**DIRECTIONS FOR THIS TASK:** Among the entries, which lines carry the string "layers"? Copy each of them.

Data entries
*****
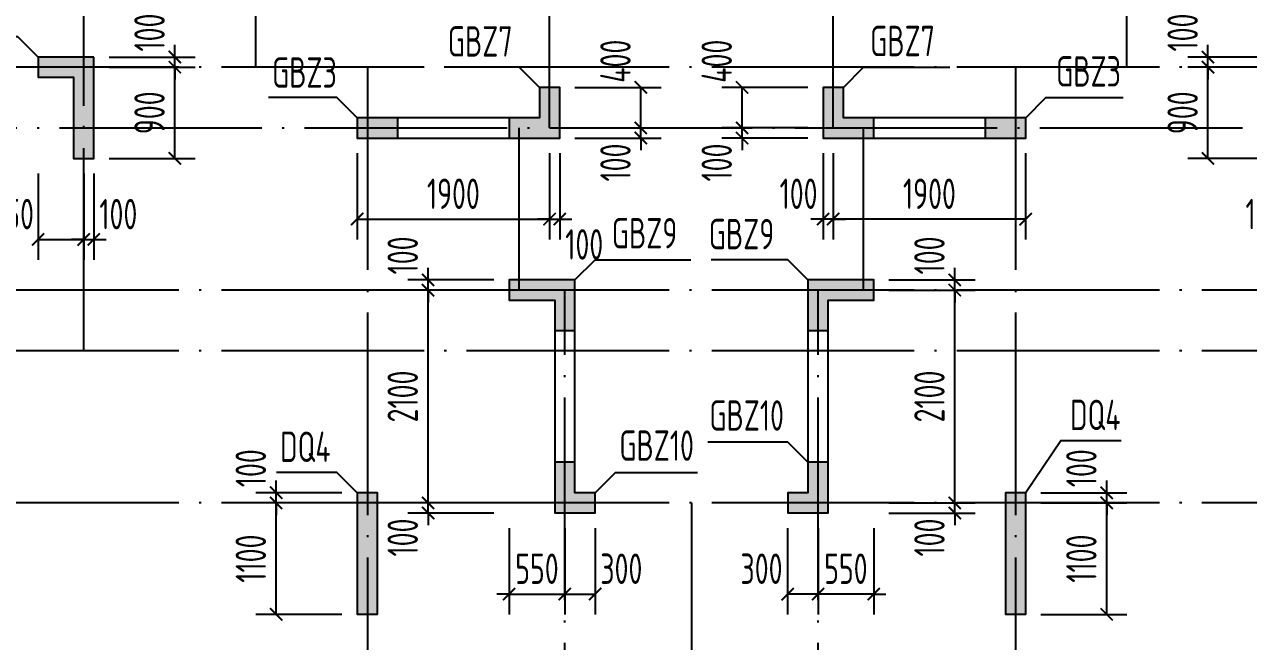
# Model space of a CAD drawing. Extents: x -668857 to 185752, y -270966 to 286822.
# Drawn here: x -311303 to -299218, y -3443 to 2647 of the extents above; entities that cross this region are included whole.
import ezdxf
from ezdxf.enums import TextEntityAlignment as Align

# ---------------------------------------------------------------- set-up
doc = ezdxf.new("R2010")
doc.units = 0
doc.header["$LTSCALE"] = 1000
doc.linetypes.add('DOTE', pattern=[2.42, 2, -0.2, 0.02, -0.2])
doc.layers.get('0').update_dxf_attribs({"linetype": 'CONTINUOUS'})
doc.layers.get('DEFPOINTS').update_dxf_attribs({"linetype": 'CONTINUOUS'})
for name, color, linetype in [('A-DOTE', 10, 'DOTE'), ('S-Q墙实线', 6, 'CONTINUOUS'), ('S-Q墙标注', 3, 'CONTINUOUS'), ('S-X详图填充', 252, 'CONTINUOUS'), ('S-X详图实线', 4, 'CONTINUOUS'), ('S-Z柱编号', 6, 'CONTINUOUS')]:
    doc.layers.add(name, color=color, linetype=linetype)
doc.styles.add('TSSD_REIN', font='tssdeng.shx', dxfattribs={"width": 0.7, "height": 300, "bigfont": 'tssdchn.shx'})
doc.styles.add('结构文字', font='zstxt.shx', dxfattribs={"width": 0.7, "bigfont": 'zshz.shx'})
doc.dimstyles.new('STRUCK', dxfattribs={"dimtxt": 400, "dimasz": 121, "dimexe": 200, "dimexo": 150, "dimgap": 115, "dimtad": 1, "dimdec": 0, "dimdsep": 46, "dimtxsty": '结构文字', "dimblk": 'ARCHTICK', "dimcen": 400, "dimclrd": 3, "dimclre": 3, "dimclrt": 7, "dimadec": 0, "dimazin": 0, "dimtfac": 1, "dimtdec": 0, "dimtix": 1, "dimtmove": 2, "dimatfit": 3, "dimldrblk": '_DIMX', "dimfxl": 1, "dimtolj": 1, "dimtzin": 0, "dimarcsym": 0})

# ---------------------------------------------------------------- blocks, each defined once
blk = doc.blocks.new('20210726.16395156')
at = {"layer": 'A-DOTE'}
for p, q in [((11100, 10900), (11100, 18249.9)), ((12800, 13700), (12800, 18249.9)), ((15700, 13100.3), (15700, 18249.9)), ((18500, 13100.3), (18500, 18249.9)), ((21400, 13700), (21400, 18249.9)), ((55600, 13700), (3600, 13700)), ((13900.2, 13700), (13900, 3600)), ((20299.8, 13700), (20300, 3600)), ((3600, 13100.3), (55600, 13100.3)), ((15400, 11500), (15400, 13100)), ((18800, 11500), (18800, 13100)), ((55600, 11500), (3600, 11500)), ((15850, 3600), (15850, 11500)), ((18350, 3600.1), (18350, 11500)), ((55600, 10900), (3600, 10900)), ((55600, 9400), (3600, 9400)), ((17100, 9400), (17100, 3600))]:
    blk.add_line(p, q, dxfattribs=at)
blk = doc.blocks.new('_ArchTick')
at = {"color": 0, "linetype": 'ByBlock', "const_width": 0.15}
blk.add_lwpolyline([(-0.5, -0.5), (0.5, 0.5)], dxfattribs=at)
blk = doc.blocks.new('*D3373')
at = {"layer": 'DEFPOINTS', "color": 0, "transparency": 16777216}
for p in [(-310618, 2225), (-309818, 2225), (-310618, 1325)]:
    blk.add_point(p, dxfattribs=at)
at = {"layer": 'S-Q墙标注', "color": 3, "lineweight": -2, "transparency": 16777216}
for p, q in [((-310468, 2225), (-309618, 2225)), ((-309818, 1325), (-309818, 2225)), ((-310468, 1325), (-309618, 1325))]:
    blk.add_line(p, q, dxfattribs=at)
at = {"layer": 'S-Q墙标注', "color": 3, "lineweight": -2, "transparency": 16777216, "xscale": 121, "yscale": 121, "zscale": 121}
for p, rotation in [((-309818, 2225), 90), ((-309818, 1325), 270)]:
    blk.add_blockref('_ArchTick', p, dxfattribs=dict(at, rotation=rotation))
at = {"layer": 'S-Q墙标注', "color": 7, "transparency": 16777216, "insert": (-310068, 1775), "char_height": 300, "attachment_point": 5, "rotation": 90, "style": 'TSSD_REIN'}
blk.add_mtext('\\A1;900', dxfattribs=at)
blk = doc.blocks.new('_DIMX')
blk.add_line((-150, 0), (150, 0))
at = {"const_width": 50}
blk.add_lwpolyline([(-70, -70), (70, 70)], dxfattribs=at)
blk = doc.blocks.new('*D3374')
at = {"layer": 'DEFPOINTS', "color": 0, "transparency": 16777216}
for p in [(-310618, 2325), (-309818, 2325), (-310618, 2225)]:
    blk.add_point(p, dxfattribs=at)
at = {"layer": 'S-Q墙标注', "color": 3, "lineweight": -2, "transparency": 16777216}
for p, q in [((-309818, 2325), (-309818, 2446)), ((-310468, 2325), (-309618, 2325)), ((-309818, 2225), (-309818, 2325)), ((-310468, 2225), (-309618, 2225)), ((-309818, 2225), (-309818, 2104))]:
    blk.add_line(p, q, dxfattribs=at)
at = {"layer": 'S-Q墙标注', "color": 3, "lineweight": -2, "transparency": 16777216, "xscale": 121, "yscale": 121, "zscale": 121}
for p, rotation in [((-309818, 2325), 270), ((-309818, 2225), 90)]:
    blk.add_blockref('_ArchTick', p, dxfattribs=dict(at, rotation=rotation))
at = {"layer": 'S-Q墙标注', "color": 7, "transparency": 16777216, "insert": (-310068, 2567), "char_height": 300, "attachment_point": 5, "rotation": 90, "style": 'TSSD_REIN'}
blk.add_mtext('\\A1;100', dxfattribs=at)
blk = doc.blocks.new('*D3375')
at = {"layer": 'DEFPOINTS', "color": 0, "transparency": 16777216}
for p in [(-311168, 1325), (-310718, 1325), (-310718, 525)]:
    blk.add_point(p, dxfattribs=at)
at = {"layer": 'S-Q墙标注', "color": 3, "lineweight": -2, "transparency": 16777216}
for p, q in [((-311168, 1175), (-311168, 325)), ((-310718, 1175), (-310718, 325)), ((-311168, 525), (-310718, 525))]:
    blk.add_line(p, q, dxfattribs=at)
at = {"layer": 'S-Q墙标注', "color": 3, "lineweight": -2, "transparency": 16777216, "xscale": 121, "yscale": 121, "zscale": 121, "rotation": 180}
blk.add_blockref('_ArchTick', (-311168, 525), dxfattribs=at)
at = {"layer": 'S-Q墙标注', "color": 3, "lineweight": -2, "transparency": 16777216, "xscale": 121, "yscale": 121, "zscale": 121}
blk.add_blockref('_ArchTick', (-310718, 525), dxfattribs=at)
at = {"layer": 'S-Q墙标注', "color": 7, "transparency": 16777216, "insert": (-311426, 775), "char_height": 300, "attachment_point": 5, "style": 'TSSD_REIN'}
blk.add_mtext('\\A1;450', dxfattribs=at)
blk = doc.blocks.new('*D3376')
at = {"layer": 'DEFPOINTS', "color": 0, "transparency": 16777216}
for p in [(-310718, 1325), (-310618, 1325), (-310618, 525)]:
    blk.add_point(p, dxfattribs=at)
at = {"layer": 'S-Q墙标注', "color": 3, "lineweight": -2, "transparency": 16777216}
for p, q in [((-310718, 1175), (-310718, 325)), ((-310618, 1175), (-310618, 325)), ((-310718, 525), (-310839, 525)), ((-310718, 525), (-310618, 525)), ((-310618, 525), (-310497, 525))]:
    blk.add_line(p, q, dxfattribs=at)
at = {"layer": 'S-Q墙标注', "color": 3, "lineweight": -2, "transparency": 16777216, "xscale": 121, "yscale": 121, "zscale": 121}
blk.add_blockref('_ArchTick', (-310718, 525), dxfattribs=at)
at = {"layer": 'S-Q墙标注', "color": 3, "lineweight": -2, "transparency": 16777216, "xscale": 121, "yscale": 121, "zscale": 121, "rotation": 180}
blk.add_blockref('_ArchTick', (-310618, 525), dxfattribs=at)
at = {"layer": 'S-Q墙标注', "color": 7, "transparency": 16777216, "insert": (-310376, 775), "char_height": 300, "attachment_point": 5, "style": 'TSSD_REIN'}
blk.add_mtext('\\A1;100', dxfattribs=at)
blk = doc.blocks.new('*D3377')
at = {"layer": 'DEFPOINTS', "color": 0, "transparency": 16777216}
for p in [(-306018, 1626), (-305218, 1626), (-306018, 1526)]:
    blk.add_point(p, dxfattribs=at)
at = {"layer": 'S-Q墙标注', "color": 3, "lineweight": -2, "transparency": 16777216}
for p, q in [((-305218, 1626), (-305218, 1747)), ((-305868, 1626), (-305018, 1626)), ((-305218, 1526), (-305218, 1626)), ((-305868, 1526), (-305018, 1526)), ((-305218, 1526), (-305218, 1405))]:
    blk.add_line(p, q, dxfattribs=at)
at = {"layer": 'S-Q墙标注', "color": 3, "lineweight": -2, "transparency": 16777216, "xscale": 121, "yscale": 121, "zscale": 121}
for p, rotation in [((-305218, 1626), 270), ((-305218, 1526), 90)]:
    blk.add_blockref('_ArchTick', p, dxfattribs=dict(at, rotation=rotation))
at = {"layer": 'S-Q墙标注', "color": 7, "transparency": 16777216, "insert": (-305468, 1284), "char_height": 300, "attachment_point": 5, "rotation": 90, "style": 'TSSD_REIN'}
blk.add_mtext('\\A1;100', dxfattribs=at)
blk = doc.blocks.new('*D3378')
at = {"layer": 'DEFPOINTS', "color": 0, "transparency": 16777216}
for p in [(-306018, 2026), (-305218, 2026), (-306018, 1626)]:
    blk.add_point(p, dxfattribs=at)
at = {"layer": 'S-Q墙标注', "color": 3, "lineweight": -2, "transparency": 16777216}
for p, q in [((-305868, 2026), (-305018, 2026)), ((-305218, 1626), (-305218, 2026)), ((-305868, 1626), (-305018, 1626))]:
    blk.add_line(p, q, dxfattribs=at)
at = {"layer": 'S-Q墙标注', "color": 3, "lineweight": -2, "transparency": 16777216, "xscale": 121, "yscale": 121, "zscale": 121}
for p, rotation in [((-305218, 2026), 90), ((-305218, 1626), 270)]:
    blk.add_blockref('_ArchTick', p, dxfattribs=dict(at, rotation=rotation))
at = {"layer": 'S-Q墙标注', "color": 7, "transparency": 16777216, "insert": (-305468, 2284), "char_height": 300, "attachment_point": 5, "rotation": 90, "style": 'TSSD_REIN'}
blk.add_mtext('\\A1;400', dxfattribs=at)
blk = doc.blocks.new('*D3379')
at = {"layer": 'DEFPOINTS', "color": 0, "transparency": 16777216}
for p in [(-308018, 1526), (-306118, 1526), (-306118, 726)]:
    blk.add_point(p, dxfattribs=at)
at = {"layer": 'S-Q墙标注', "color": 3, "lineweight": -2, "transparency": 16777216}
for p, q in [((-308018, 1376), (-308018, 526)), ((-306118, 1376), (-306118, 526)), ((-308018, 726), (-306118, 726))]:
    blk.add_line(p, q, dxfattribs=at)
at = {"layer": 'S-Q墙标注', "color": 3, "lineweight": -2, "transparency": 16777216, "xscale": 121, "yscale": 121, "zscale": 121, "rotation": 180}
blk.add_blockref('_ArchTick', (-308018, 726), dxfattribs=at)
at = {"layer": 'S-Q墙标注', "color": 3, "lineweight": -2, "transparency": 16777216, "xscale": 121, "yscale": 121, "zscale": 121}
blk.add_blockref('_ArchTick', (-306118, 726), dxfattribs=at)
at = {"layer": 'S-Q墙标注', "color": 7, "transparency": 16777216, "insert": (-307068, 976), "char_height": 300, "attachment_point": 5, "style": 'TSSD_REIN'}
blk.add_mtext('\\A1;1900', dxfattribs=at)
blk = doc.blocks.new('*D3380')
at = {"layer": 'DEFPOINTS', "color": 0, "transparency": 16777216}
for p in [(-306118, 1526), (-306018, 1526), (-306018, 726)]:
    blk.add_point(p, dxfattribs=at)
at = {"layer": 'S-Q墙标注', "color": 3, "lineweight": -2, "transparency": 16777216}
for p, q in [((-306118, 1376), (-306118, 526)), ((-306018, 1376), (-306018, 526)), ((-306118, 726), (-306239, 726)), ((-306118, 726), (-306018, 726)), ((-306018, 726), (-305897, 726))]:
    blk.add_line(p, q, dxfattribs=at)
at = {"layer": 'S-Q墙标注', "color": 3, "lineweight": -2, "transparency": 16777216, "xscale": 121, "yscale": 121, "zscale": 121}
blk.add_blockref('_ArchTick', (-306118, 726), dxfattribs=at)
at = {"layer": 'S-Q墙标注', "color": 3, "lineweight": -2, "transparency": 16777216, "xscale": 121, "yscale": 121, "zscale": 121, "rotation": 180}
blk.add_blockref('_ArchTick', (-306018, 726), dxfattribs=at)
at = {"layer": 'S-Q墙标注', "color": 7, "transparency": 16777216, "insert": (-305776, 476), "char_height": 300, "attachment_point": 5, "style": 'TSSD_REIN'}
blk.add_mtext('\\A1;100', dxfattribs=at)
blk = doc.blocks.new('*D3385')
at = {"layer": 'DEFPOINTS', "color": 0, "transparency": 16777216}
for p in [(-307318, -2075), (-306518, -2075), (-306518, -2175)]:
    blk.add_point(p, dxfattribs=at)
at = {"layer": 'S-Q墙标注', "color": 3, "lineweight": -2, "transparency": 16777216}
for p, q in [((-307318, -2075), (-307318, -1954)), ((-306668, -2075), (-307518, -2075)), ((-306668, -2175), (-307518, -2175)), ((-307318, -2175), (-307318, -2075)), ((-307318, -2175), (-307318, -2296))]:
    blk.add_line(p, q, dxfattribs=at)
at = {"layer": 'S-Q墙标注', "color": 3, "lineweight": -2, "transparency": 16777216, "xscale": 121, "yscale": 121, "zscale": 121}
for p, rotation in [((-307318, -2075), 270), ((-307318, -2175), 90)]:
    blk.add_blockref('_ArchTick', p, dxfattribs=dict(at, rotation=rotation))
at = {"layer": 'S-Q墙标注', "color": 7, "transparency": 16777216, "insert": (-307568, -2417), "char_height": 300, "attachment_point": 5, "rotation": 90, "style": 'TSSD_REIN'}
blk.add_mtext('\\A1;100', dxfattribs=at)
blk = doc.blocks.new('*D3386')
at = {"layer": 'DEFPOINTS', "color": 0, "transparency": 16777216}
for p in [(-307318, 25), (-306518, 25), (-306518, -2075)]:
    blk.add_point(p, dxfattribs=at)
at = {"layer": 'S-Q墙标注', "color": 3, "lineweight": -2, "transparency": 16777216}
for p, q in [((-306668, 25), (-307518, 25)), ((-307318, -2075), (-307318, 25)), ((-306668, -2075), (-307518, -2075))]:
    blk.add_line(p, q, dxfattribs=at)
at = {"layer": 'S-Q墙标注', "color": 3, "lineweight": -2, "transparency": 16777216, "xscale": 121, "yscale": 121, "zscale": 121}
for p, rotation in [((-307318, 25), 90), ((-307318, -2075), 270)]:
    blk.add_blockref('_ArchTick', p, dxfattribs=dict(at, rotation=rotation))
at = {"layer": 'S-Q墙标注', "color": 7, "transparency": 16777216, "insert": (-307568, -1025), "char_height": 300, "attachment_point": 5, "rotation": 90, "style": 'TSSD_REIN'}
blk.add_mtext('\\A1;2100', dxfattribs=at)
blk = doc.blocks.new('*D3387')
at = {"layer": 'DEFPOINTS', "color": 0, "transparency": 16777216}
for p in [(-307318, 125), (-306518, 125), (-306518, 25)]:
    blk.add_point(p, dxfattribs=at)
at = {"layer": 'S-Q墙标注', "color": 3, "lineweight": -2, "transparency": 16777216}
for p, q in [((-307318, 125), (-307318, 246)), ((-306668, 125), (-307518, 125)), ((-307318, 25), (-307318, 125)), ((-306668, 25), (-307518, 25)), ((-307318, 25), (-307318, -96))]:
    blk.add_line(p, q, dxfattribs=at)
at = {"layer": 'S-Q墙标注', "color": 3, "lineweight": -2, "transparency": 16777216, "xscale": 121, "yscale": 121, "zscale": 121}
for p, rotation in [((-307318, 125), 270), ((-307318, 25), 90)]:
    blk.add_blockref('_ArchTick', p, dxfattribs=dict(at, rotation=rotation))
at = {"layer": 'S-Q墙标注', "color": 7, "transparency": 16777216, "insert": (-307568, 367), "char_height": 300, "attachment_point": 5, "rotation": 90, "style": 'TSSD_REIN'}
blk.add_mtext('\\A1;100', dxfattribs=at)
blk = doc.blocks.new('*D3404')
at = {"layer": 'DEFPOINTS', "color": 0, "transparency": 16777216}
for p in [(-299618, 2225), (-298818, 2225), (-298818, 1325)]:
    blk.add_point(p, dxfattribs=at)
at = {"layer": 'S-Q墙标注', "color": 3, "lineweight": -2, "transparency": 16777216}
for p, q in [((-298968, 2225), (-299818, 2225)), ((-299618, 1325), (-299618, 2225)), ((-298968, 1325), (-299818, 1325))]:
    blk.add_line(p, q, dxfattribs=at)
at = {"layer": 'S-Q墙标注', "color": 3, "lineweight": -2, "transparency": 16777216, "xscale": 121, "yscale": 121, "zscale": 121}
for p, rotation in [((-299618, 2225), 90), ((-299618, 1325), 270)]:
    blk.add_blockref('_ArchTick', p, dxfattribs=dict(at, rotation=rotation))
at = {"layer": 'S-Q墙标注', "color": 7, "transparency": 16777216, "insert": (-299868, 1775), "char_height": 300, "attachment_point": 5, "rotation": 90, "style": 'TSSD_REIN'}
blk.add_mtext('\\A1;900', dxfattribs=at)
blk = doc.blocks.new('*D3405')
at = {"layer": 'DEFPOINTS', "color": 0, "transparency": 16777216}
for p in [(-299618, 2325), (-298818, 2325), (-298818, 2225)]:
    blk.add_point(p, dxfattribs=at)
at = {"layer": 'S-Q墙标注', "color": 3, "lineweight": -2, "transparency": 16777216}
for p, q in [((-299618, 2325), (-299618, 2446)), ((-298968, 2325), (-299818, 2325)), ((-299618, 2225), (-299618, 2325)), ((-298968, 2225), (-299818, 2225)), ((-299618, 2225), (-299618, 2104))]:
    blk.add_line(p, q, dxfattribs=at)
at = {"layer": 'S-Q墙标注', "color": 3, "lineweight": -2, "transparency": 16777216, "xscale": 121, "yscale": 121, "zscale": 121}
for p, rotation in [((-299618, 2325), 270), ((-299618, 2225), 90)]:
    blk.add_blockref('_ArchTick', p, dxfattribs=dict(at, rotation=rotation))
at = {"layer": 'S-Q墙标注', "color": 7, "transparency": 16777216, "insert": (-299868, 2567), "char_height": 300, "attachment_point": 5, "rotation": 90, "style": 'TSSD_REIN'}
blk.add_mtext('\\A1;100', dxfattribs=at)
blk = doc.blocks.new('*D3407')
at = {"layer": 'DEFPOINTS', "color": 0, "transparency": 16777216}
for p in [(-298818, 1325), (-298718, 1325), (-298818, 525)]:
    blk.add_point(p, dxfattribs=at)
at = {"layer": 'S-Q墙标注', "color": 3, "lineweight": -2, "transparency": 16777216}
for p, q in [((-298818, 1175), (-298818, 325)), ((-298718, 1175), (-298718, 325)), ((-298818, 525), (-298939, 525)), ((-298718, 525), (-298818, 525)), ((-298718, 525), (-298597, 525))]:
    blk.add_line(p, q, dxfattribs=at)
at = {"layer": 'S-Q墙标注', "color": 3, "lineweight": -2, "transparency": 16777216, "xscale": 121, "yscale": 121, "zscale": 121}
blk.add_blockref('_ArchTick', (-298818, 525), dxfattribs=at)
at = {"layer": 'S-Q墙标注', "color": 3, "lineweight": -2, "transparency": 16777216, "xscale": 121, "yscale": 121, "zscale": 121, "rotation": 180}
blk.add_blockref('_ArchTick', (-298718, 525), dxfattribs=at)
at = {"layer": 'S-Q墙标注', "color": 7, "transparency": 16777216, "insert": (-299060, 775), "char_height": 300, "attachment_point": 5, "style": 'TSSD_REIN'}
blk.add_mtext('\\A1;100', dxfattribs=at)
blk = doc.blocks.new('*D3408')
at = {"layer": 'DEFPOINTS', "color": 0, "transparency": 16777216}
for p in [(-304218, 1626), (-303418, 1626), (-303418, 1526)]:
    blk.add_point(p, dxfattribs=at)
at = {"layer": 'S-Q墙标注', "color": 3, "lineweight": -2, "transparency": 16777216}
for p, q in [((-304218, 1626), (-304218, 1747)), ((-303568, 1626), (-304418, 1626)), ((-304218, 1526), (-304218, 1626)), ((-303568, 1526), (-304418, 1526)), ((-304218, 1526), (-304218, 1405))]:
    blk.add_line(p, q, dxfattribs=at)
at = {"layer": 'S-Q墙标注', "color": 3, "lineweight": -2, "transparency": 16777216, "xscale": 121, "yscale": 121, "zscale": 121}
for p, rotation in [((-304218, 1626), 270), ((-304218, 1526), 90)]:
    blk.add_blockref('_ArchTick', p, dxfattribs=dict(at, rotation=rotation))
at = {"layer": 'S-Q墙标注', "color": 7, "transparency": 16777216, "insert": (-304468, 1284), "char_height": 300, "attachment_point": 5, "rotation": 90, "style": 'TSSD_REIN'}
blk.add_mtext('\\A1;100', dxfattribs=at)
blk = doc.blocks.new('*D3409')
at = {"layer": 'DEFPOINTS', "color": 0, "transparency": 16777216}
for p in [(-304218, 2026), (-303418, 2026), (-303418, 1626)]:
    blk.add_point(p, dxfattribs=at)
at = {"layer": 'S-Q墙标注', "color": 3, "lineweight": -2, "transparency": 16777216}
for p, q in [((-303568, 2026), (-304418, 2026)), ((-304218, 1626), (-304218, 2026)), ((-303568, 1626), (-304418, 1626))]:
    blk.add_line(p, q, dxfattribs=at)
at = {"layer": 'S-Q墙标注', "color": 3, "lineweight": -2, "transparency": 16777216, "xscale": 121, "yscale": 121, "zscale": 121}
for p, rotation in [((-304218, 2026), 90), ((-304218, 1626), 270)]:
    blk.add_blockref('_ArchTick', p, dxfattribs=dict(at, rotation=rotation))
at = {"layer": 'S-Q墙标注', "color": 7, "transparency": 16777216, "insert": (-304468, 2284), "char_height": 300, "attachment_point": 5, "rotation": 90, "style": 'TSSD_REIN'}
blk.add_mtext('\\A1;400', dxfattribs=at)
blk = doc.blocks.new('*D3410')
at = {"layer": 'DEFPOINTS', "color": 0, "transparency": 16777216}
for p in [(-303318, 1526), (-301418, 1526), (-303318, 726)]:
    blk.add_point(p, dxfattribs=at)
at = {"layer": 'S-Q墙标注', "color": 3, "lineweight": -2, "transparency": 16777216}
*****
**RESULT BELOW:**
doc.layers.get('0').update_dxf_attribs({"linetype": 'CONTINUOUS'})
doc.layers.get('DEFPOINTS').update_dxf_attribs({"linetype": 'CONTINUOUS'})
    doc.layers.add(name, color=color, linetype=linetype)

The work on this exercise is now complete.